What is DataFlow programming?¶
DataFlow programming expresses computations as a graph of values and the dependencies between them. Instead of telling the program when to recompute, you describe how outputs depend on inputs. When inputs change, the runtime updates only what is needed.
Thread safety
EventProcessors are not thread safe a single event should be processed at one time.
Key ideas¶
- Graph of nodes: nodes are functions or stateful components; edges indicate dependencies.
- Incremental updates: only affected nodes recompute when an event arrives.
- Deterministic order: execution follows a topological order derived from the graph.
- Push‑based: events push changes through the graph; no polling.
- Bounded side effects: state updates occur where you declare them; easier to reason and test.

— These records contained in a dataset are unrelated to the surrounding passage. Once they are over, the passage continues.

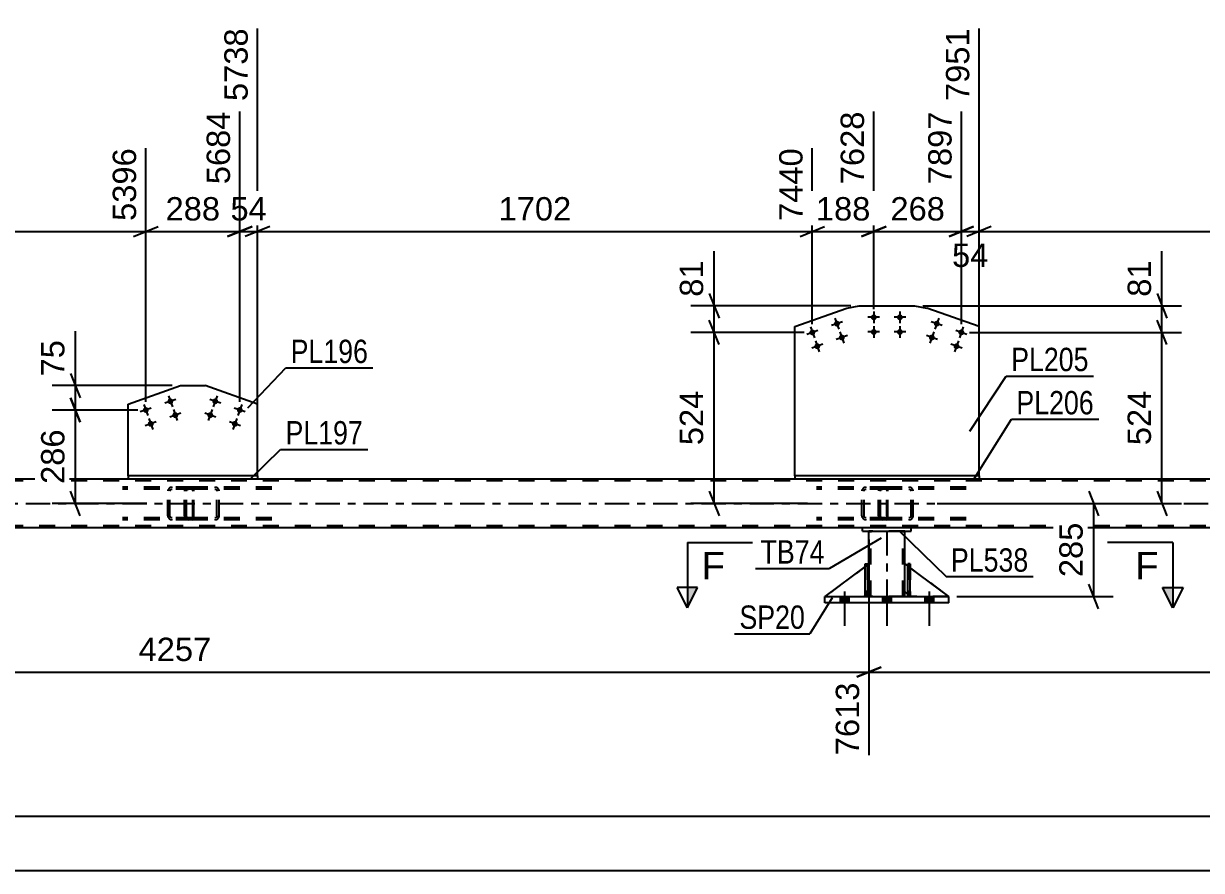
# Model space of a CAD drawing. Header units: millimetres. Extents: x -109 to 732, y -404 to 190.
# Drawn here: x 121.1 to 265.6, y -274.6 to -170.8 of the extents above; entities that cross this region are included whole.
import ezdxf

# ---------------------------------------------------------------- set-up
doc = ezdxf.new("R2010")
doc.units = ezdxf.units.MM
doc.linetypes.add('DXK_LINE_DOT2', pattern=[3.9198, 1.9599, -1.9599])
doc.linetypes.add('DXK_LINE_DOT3', pattern=[5.9187, 2.979, -0.9799, 0.9799, -0.9799])
doc.styles.add('Arial', font='ARIAL.TTF', dxfattribs={"height": 0.2})
doc.styles.add('Arial Narrow', font='ARIALN.TTF', dxfattribs={"height": 0.2})

# ---------------------------------------------------------------- blocks, each defined once
blk = doc.blocks.new('Part-717262461-3424 - 3396')
at = {"color": 7, "linetype": 'DXK_LINE_DOT2'}
for p, q in [((140.9, -227.9), (140.86, -228.09)), ((140.86, -231.13), (140.86, -228.09)), ((141.12, -228.09), (141.14, -228)), ((141.12, -231.13), (141.12, -228.09)), ((141.14, -228), (141.19, -227.92)), ((141.37, -227.61), (141.18, -227.64)), ((141.19, -227.92), (141.28, -227.87)), ((141.28, -227.87), (141.37, -227.85)), ((151.6, -227.61), (141.37, -227.61)), ((151.6, -227.85), (141.37, -227.85)), ((144.8, -227.64), (144.61, -227.61)), ((144.61, -227.85), (144.71, -227.87)), ((144.71, -227.87), (144.79, -227.92)), ((144.79, -227.92), (144.84, -228)), ((144.84, -228), (144.86, -228.09)), ((144.86, -231.13), (144.86, -228.09)), ((145.12, -228.09), (145.08, -227.9)), ((145.12, -231.13), (145.12, -228.09)), ((140.86, -231.13), (140.9, -231.31)), ((141.14, -231.22), (141.12, -231.13)), ((144.86, -231.13), (144.84, -231.22)), ((145.08, -231.31), (145.12, -231.13)), ((141.19, -231.3), (141.14, -231.22)), ((141.18, -231.57), (141.37, -231.61)), ((141.28, -231.35), (141.19, -231.3)), ((141.37, -231.37), (141.28, -231.35)), ((151.6, -231.37), (141.37, -231.37)), ((151.6, -231.61), (141.37, -231.61)), ((144.71, -231.35), (144.61, -231.37)), ((144.61, -231.61), (144.8, -231.57)), ((144.79, -231.3), (144.71, -231.35)), ((144.84, -231.22), (144.79, -231.3))]:
    blk.add_line(p, q, dxfattribs=at)
for centre, start, end in [((141.35, -228.11), 110.7583, 155.68), ((144.63, -228.11), 24.32, 69.2417), ((141.35, -231.11), 204.32, 249.2417), ((144.63, -231.11), 290.7583, 335.68)]:
    blk.add_arc(centre, 0.496, start, end, dxfattribs=at)
blk = doc.blocks.new('Part-717262461-3740 - 3396')
at = {"color": 2, "linetype": 'Continuous'}
for p, q in [((133.97, -217.43), (140.38, -215.16)), ((140.38, -215.16), (143.42, -215.16)), ((149.83, -217.43), (143.42, -215.16)), ((133.97, -226.21), (133.97, -217.43)), ((149.83, -226.21), (149.83, -217.43))]:
    blk.add_line(p, q, dxfattribs=at)
at = {"color": 7, "linetype": 'DXK_LINE_DOT2'}
blk.add_line((149.83, -226.21), (133.97, -226.21), dxfattribs=at)
blk = doc.blocks.new('Part-717262461-3439 - 3396')
at = {"color": 7, "linetype": 'DXK_LINE_DOT2'}
for p, q in [((229.91, -237.01), (229.59, -237.01)), ((229.59, -240.41), (229.59, -237.01)), ((229.59, -237.01), (229.59, -241.01)), ((229.91, -237.01), (229.91, -240.41)), ((229.91, -241.01), (229.91, -237.01)), ((229.91, -240.41), (229.59, -240.41)), ((229.59, -241.01), (229.59, -240.41)), ((229.91, -241.01), (229.59, -241.01)), ((229.91, -240.41), (229.91, -241.01)), ((229.91, -241.01), (229.91, -241.01))]:
    blk.add_line(p, q, dxfattribs=at)
blk = doc.blocks.new('Part-717262461-3508 - 3396')
at = {"color": 2, "linetype": 'Continuous'}
for p, q in [((229.23, -240.41), (229.23, -237.01)), ((229.23, -237.01), (229.59, -237.27)), ((234.63, -241.01), (229.91, -237.51)), ((229.59, -240.76), (229.23, -240.41))]:
    blk.add_line(p, q, dxfattribs=at)
at = {"color": 7, "linetype": 'DXK_LINE_DOT2'}
for p, q in [((229.91, -237.51), (229.59, -237.27)), ((229.59, -240.76), (229.83, -241.01)), ((229.83, -241.01), (234.63, -241.01))]:
    blk.add_line(p, q, dxfattribs=at)
blk = doc.blocks.new('Part-717262461-3509 - 3396')
at = {"color": 7, "linetype": 'DXK_LINE_DOT2'}
for p, q in [((224.83, -237.01), (219.43, -241.01)), ((224.83, -240.41), (224.83, -237.01)), ((224.83, -237.01), (224.83, -240.41)), ((219.43, -241.01), (224.23, -241.01)), ((224.23, -241.01), (224.83, -240.41)), ((224.83, -240.41), (224.23, -241.01)), ((224.83, -240.41), (224.83, -240.41))]:
    blk.add_line(p, q, dxfattribs=at)
blk = doc.blocks.new('Part-717262461-3469 - 3396')
at = {"color": 2, "linetype": 'Continuous'}
for p, q in [((219.43, -241.81), (219.43, -241.01)), ((219.43, -241.01), (234.63, -241.01)), ((234.63, -241.81), (234.63, -241.01)), ((234.63, -241.81), (219.43, -241.81))]:
    blk.add_line(p, q, dxfattribs=at)
blk = doc.blocks.new('Part-717262461-3495 - 3396')
at = {"color": 2, "linetype": 'Continuous'}
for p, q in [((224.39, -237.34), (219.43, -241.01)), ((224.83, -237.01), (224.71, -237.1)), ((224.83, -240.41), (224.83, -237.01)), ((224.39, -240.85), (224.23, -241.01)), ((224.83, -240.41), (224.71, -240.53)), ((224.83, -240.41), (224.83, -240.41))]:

Why it matters for streams¶
- Streaming systems process unbounded sequences of events. DataFlow ensures each event triggers the minimal work to keep outputs correct.
- Determinism reduces race conditions and surprises common in async callback chains.
- Explicit dependencies make performance and correctness more predictable.
How Fluxtion applies DataFlow¶
- You build graphs using a builder DSL or by annotating POJOs with handler/trigger methods.
- The builder computes the dependency DAG and generates a DataFlow with precomputed dispatch.
- At runtime, events are delivered to handlers; changes propagate to dependents; each node runs at most once per event.
Common patterns¶
- Per‑key state: maintain state per entity (user, device, symbol) and propagate updates only to dependent calculations.
- Windows and aggregations: compute moving averages, counts, or sums; update incrementally.
- Joins and enrichment: merge streams by key and derive new signals.
- Alerting: trigger alerts when derived signals cross thresholds.